*The task*: What is needed is an exact copy of every entry below, minus the images.

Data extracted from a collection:
☆ ☆ ☆ ☆ ☆

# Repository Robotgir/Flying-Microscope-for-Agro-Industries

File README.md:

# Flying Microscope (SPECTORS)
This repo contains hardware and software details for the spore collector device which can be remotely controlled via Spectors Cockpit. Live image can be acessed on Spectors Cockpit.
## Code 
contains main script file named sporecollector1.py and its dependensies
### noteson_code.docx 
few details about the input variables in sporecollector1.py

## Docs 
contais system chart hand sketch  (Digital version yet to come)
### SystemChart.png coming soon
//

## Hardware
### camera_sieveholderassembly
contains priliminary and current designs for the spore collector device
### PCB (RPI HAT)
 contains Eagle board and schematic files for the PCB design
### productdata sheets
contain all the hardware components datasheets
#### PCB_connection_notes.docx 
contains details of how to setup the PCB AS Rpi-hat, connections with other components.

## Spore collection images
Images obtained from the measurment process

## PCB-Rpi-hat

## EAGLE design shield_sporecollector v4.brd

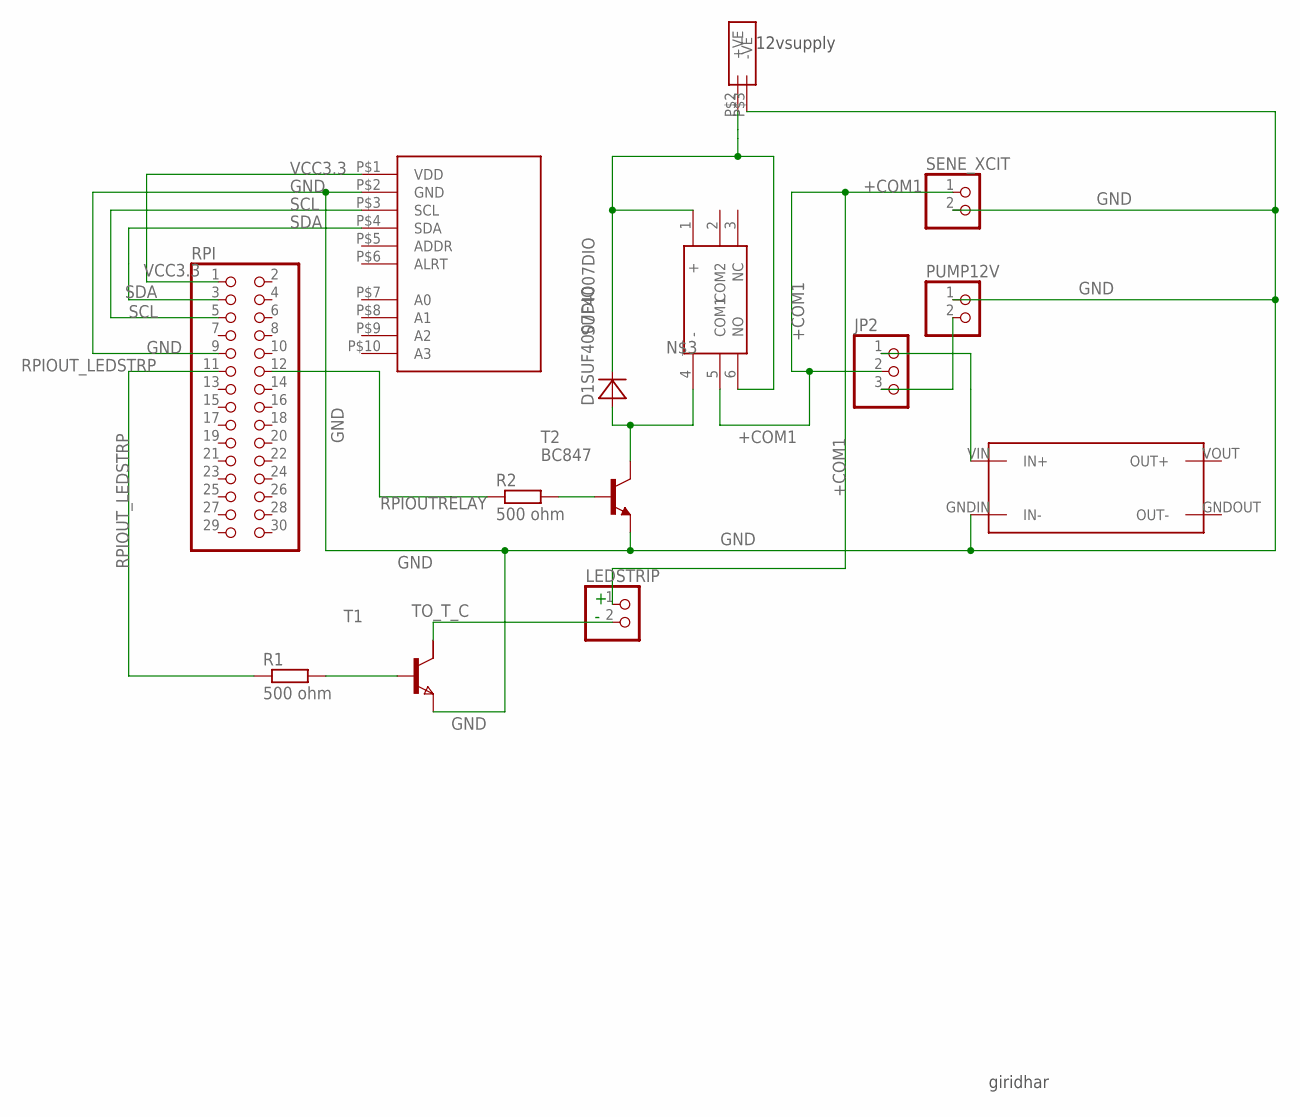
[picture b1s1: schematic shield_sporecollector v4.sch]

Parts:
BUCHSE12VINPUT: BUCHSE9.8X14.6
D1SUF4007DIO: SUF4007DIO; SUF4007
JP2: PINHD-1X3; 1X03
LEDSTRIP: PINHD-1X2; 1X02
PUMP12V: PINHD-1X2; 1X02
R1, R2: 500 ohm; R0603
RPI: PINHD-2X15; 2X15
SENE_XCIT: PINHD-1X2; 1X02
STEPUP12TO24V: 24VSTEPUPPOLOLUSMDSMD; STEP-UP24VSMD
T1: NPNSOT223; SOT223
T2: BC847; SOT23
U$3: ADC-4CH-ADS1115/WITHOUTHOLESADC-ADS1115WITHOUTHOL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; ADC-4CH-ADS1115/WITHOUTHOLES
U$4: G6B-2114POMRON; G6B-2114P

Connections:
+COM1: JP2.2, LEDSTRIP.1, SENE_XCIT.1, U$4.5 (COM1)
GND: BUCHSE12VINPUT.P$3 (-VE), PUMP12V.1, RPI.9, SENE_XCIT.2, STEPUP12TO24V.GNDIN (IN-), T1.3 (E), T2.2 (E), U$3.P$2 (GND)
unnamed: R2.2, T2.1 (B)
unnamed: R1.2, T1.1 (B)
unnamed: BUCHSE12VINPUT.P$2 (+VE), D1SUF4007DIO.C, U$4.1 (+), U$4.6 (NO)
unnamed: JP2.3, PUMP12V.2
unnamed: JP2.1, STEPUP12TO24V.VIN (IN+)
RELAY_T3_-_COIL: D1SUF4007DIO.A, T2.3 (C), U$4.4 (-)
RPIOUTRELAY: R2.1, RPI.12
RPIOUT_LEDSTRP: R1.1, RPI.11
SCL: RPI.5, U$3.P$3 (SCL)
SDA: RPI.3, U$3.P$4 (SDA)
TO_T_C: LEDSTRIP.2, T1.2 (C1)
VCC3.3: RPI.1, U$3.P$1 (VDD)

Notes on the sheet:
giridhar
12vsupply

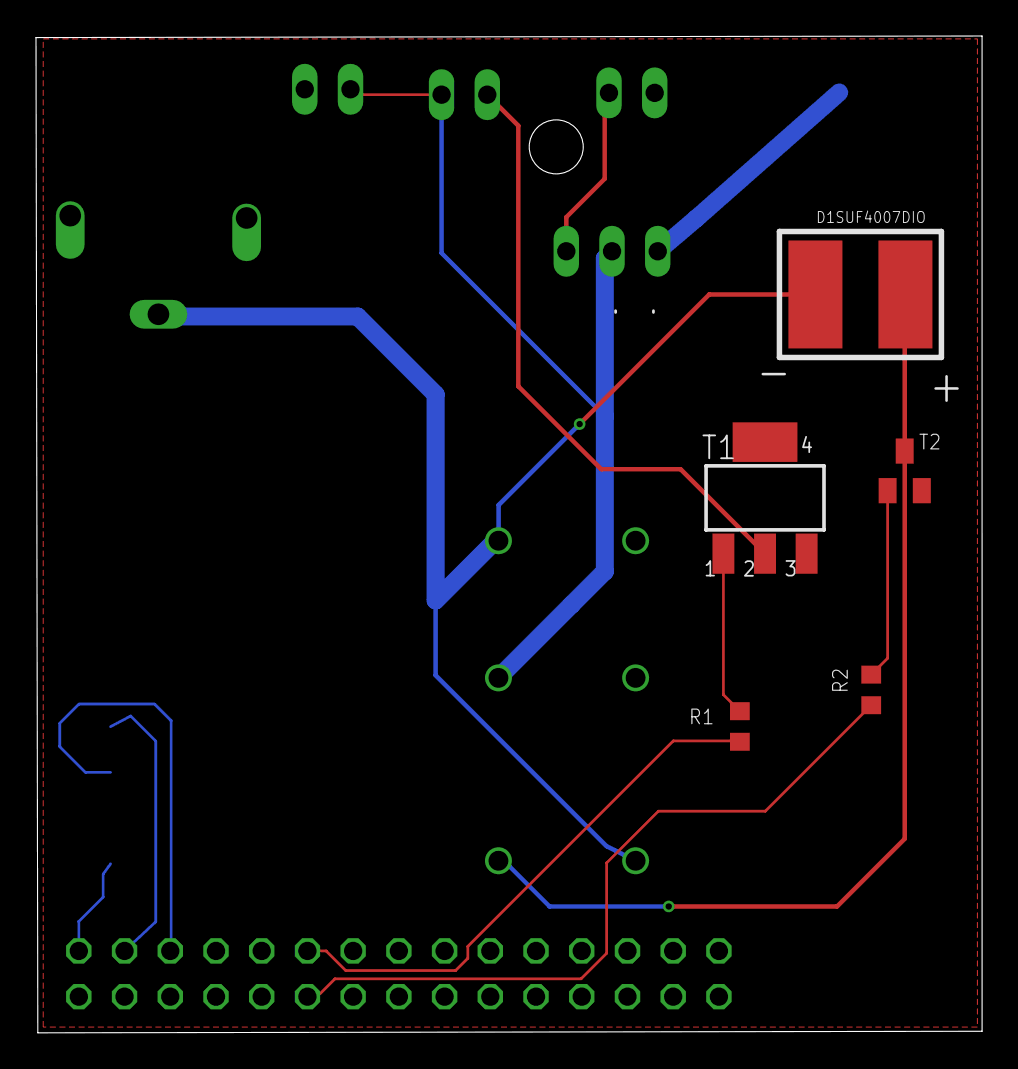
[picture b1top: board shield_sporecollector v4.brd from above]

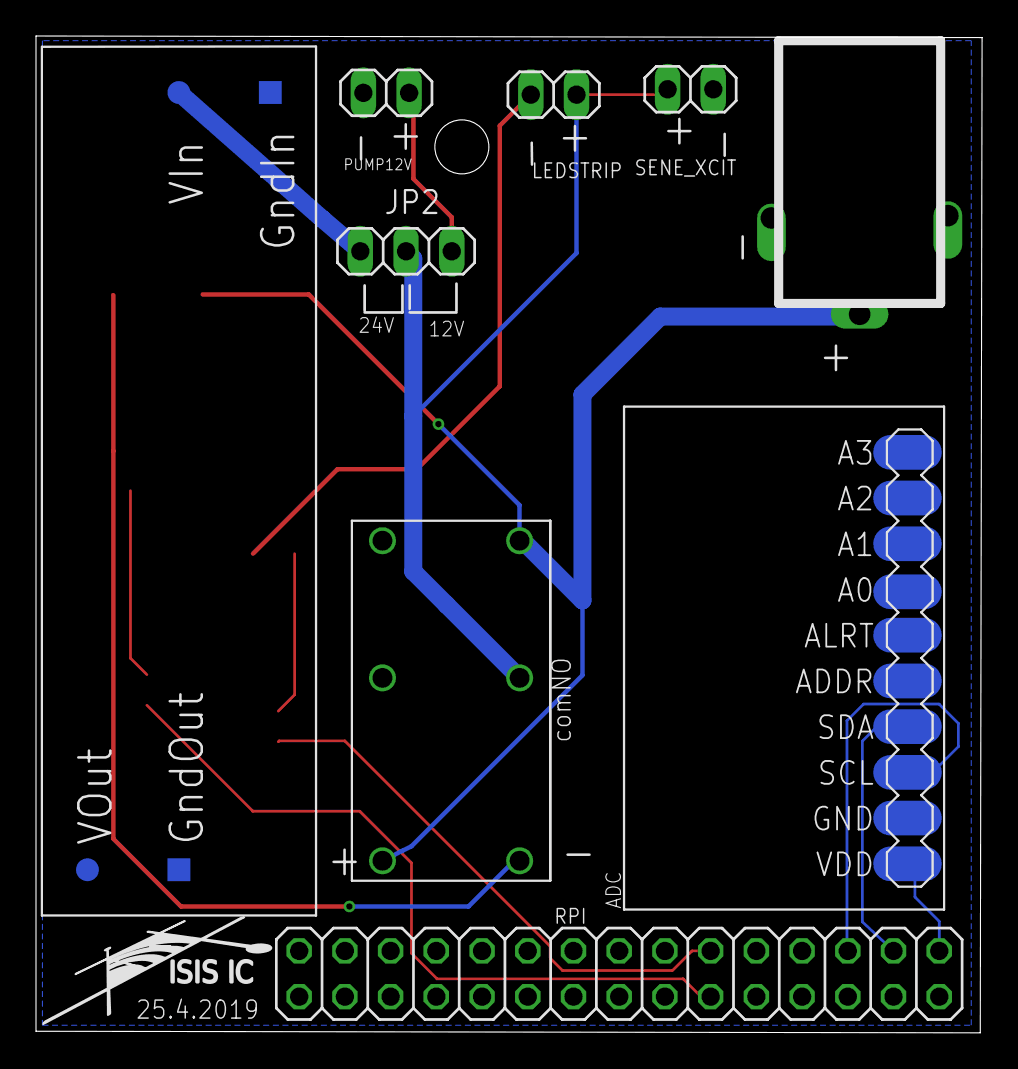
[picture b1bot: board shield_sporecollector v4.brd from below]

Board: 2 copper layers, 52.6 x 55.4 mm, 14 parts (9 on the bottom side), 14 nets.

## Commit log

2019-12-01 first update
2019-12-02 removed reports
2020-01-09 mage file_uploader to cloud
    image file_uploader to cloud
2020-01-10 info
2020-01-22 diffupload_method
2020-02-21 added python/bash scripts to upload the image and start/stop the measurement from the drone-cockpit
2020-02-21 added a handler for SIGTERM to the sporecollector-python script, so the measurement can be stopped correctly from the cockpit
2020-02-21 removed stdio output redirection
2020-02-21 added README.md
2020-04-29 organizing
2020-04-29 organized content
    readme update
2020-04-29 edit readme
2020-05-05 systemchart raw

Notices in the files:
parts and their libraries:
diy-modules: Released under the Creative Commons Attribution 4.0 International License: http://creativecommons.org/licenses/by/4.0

☆ ☆ ☆ ☆ ☆

*The completed task*:
# Repository Robotgir/Flying-Microscope-for-Agro-Industries

File README.md:

# Flying Microscope (SPECTORS)
This repo contains hardware and software details for the spore collector device which can be remotely controlled via Spectors Cockpit. Live image can be acessed on Spectors Cockpit.
## Code 
contains main script file named sporecollector1.py and its dependensies
### noteson_code.docx 
few details about the input variables in sporecollector1.py

## Docs 
contais system chart hand sketch  (Digital version yet to come)
### SystemChart.png coming soon
//

## Hardware
### camera_sieveholderassembly
contains priliminary and current designs for the spore collector device
### PCB (RPI HAT)
 contains Eagle board and schematic files for the PCB design
### productdata sheets
contain all the hardware components datasheets
#### PCB_connection_notes.docx 
contains details of how to setup the PCB AS Rpi-hat, connections with other components.

## Spore collection images
Images obtained from the measurment process

## PCB-Rpi-hat

## EAGLE design shield_sporecollector v4.brd

[picture b1s1: schematic shield_sporecollector v4.sch]

Parts:
BUCHSE12VINPUT: BUCHSE9.8X14.6
D1SUF4007DIO: SUF4007DIO; SUF4007
JP2: PINHD-1X3; 1X03
LEDSTRIP: PINHD-1X2; 1X02
PUMP12V: PINHD-1X2; 1X02
R1, R2: 500 ohm; R0603
RPI: PINHD-2X15; 2X15
SENE_XCIT: PINHD-1X2; 1X02
STEPUP12TO24V: 24VSTEPUPPOLOLUSMDSMD; STEP-UP24VSMD
T1: NPNSOT223; SOT223
T2: BC847; SOT23
U$3: ADC-4CH-ADS1115/WITHOUTHOLESADC-ADS1115WITHOUTHOL; ADC-4CH-ADS1115/WITHOUTHOLES
U$4: G6B-2114POMRON; G6B-2114P

Connections:
+COM1: JP2.2, LEDSTRIP.1, SENE_XCIT.1, U$4.5 (COM1)
GND: BUCHSE12VINPUT.P$3 (-VE), PUMP12V.1, RPI.9, SENE_XCIT.2, STEPUP12TO24V.GNDIN (IN-), T1.3 (E), T2.2 (E), U$3.P$2 (GND)
unnamed: R2.2, T2.1 (B)
unnamed: R1.2, T1.1 (B)
unnamed: BUCHSE12VINPUT.P$2 (+VE), D1SUF4007DIO.C, U$4.1 (+), U$4.6 (NO)
unnamed: JP2.3, PUMP12V.2
unnamed: JP2.1, STEPUP12TO24V.VIN (IN+)
RELAY_T3_-_COIL: D1SUF4007DIO.A, T2.3 (C), U$4.4 (-)
RPIOUTRELAY: R2.1, RPI.12
RPIOUT_LEDSTRP: R1.1, RPI.11
SCL: RPI.5, U$3.P$3 (SCL)
SDA: RPI.3, U$3.P$4 (SDA)
TO_T_C: LEDSTRIP.2, T1.2 (C1)
VCC3.3: RPI.1, U$3.P$1 (VDD)

Notes on the sheet:
giridhar
12vsupply

[picture b1top: board shield_sporecollector v4.brd from above]

[picture b1bot: board shield_sporecollector v4.brd from below]

Board: 2 copper layers, 52.6 x 55.4 mm, 14 parts (9 on the bottom side), 14 nets.

## Commit log

2019-12-01 first update
2019-12-02 removed reports
2020-01-09 mage file_uploader to cloud
    image file_uploader to cloud
2020-01-10 info
2020-01-22 diffupload_method
2020-02-21 added python/bash scripts to upload the image and start/stop the measurement from the drone-cockpit
2020-02-21 added a handler for SIGTERM to the sporecollector-python script, so the measurement can be stopped correctly from the cockpit
2020-02-21 removed stdio output redirection
2020-02-21 added README.md
2020-04-29 organizing
2020-04-29 organized content
    readme update
2020-04-29 edit readme
2020-05-05 systemchart raw

Notices in the files:
parts and their libraries:
diy-modules: Released under the Creative Commons Attribution 4.0 International License: http://creativecommons.org/licenses/by/4.0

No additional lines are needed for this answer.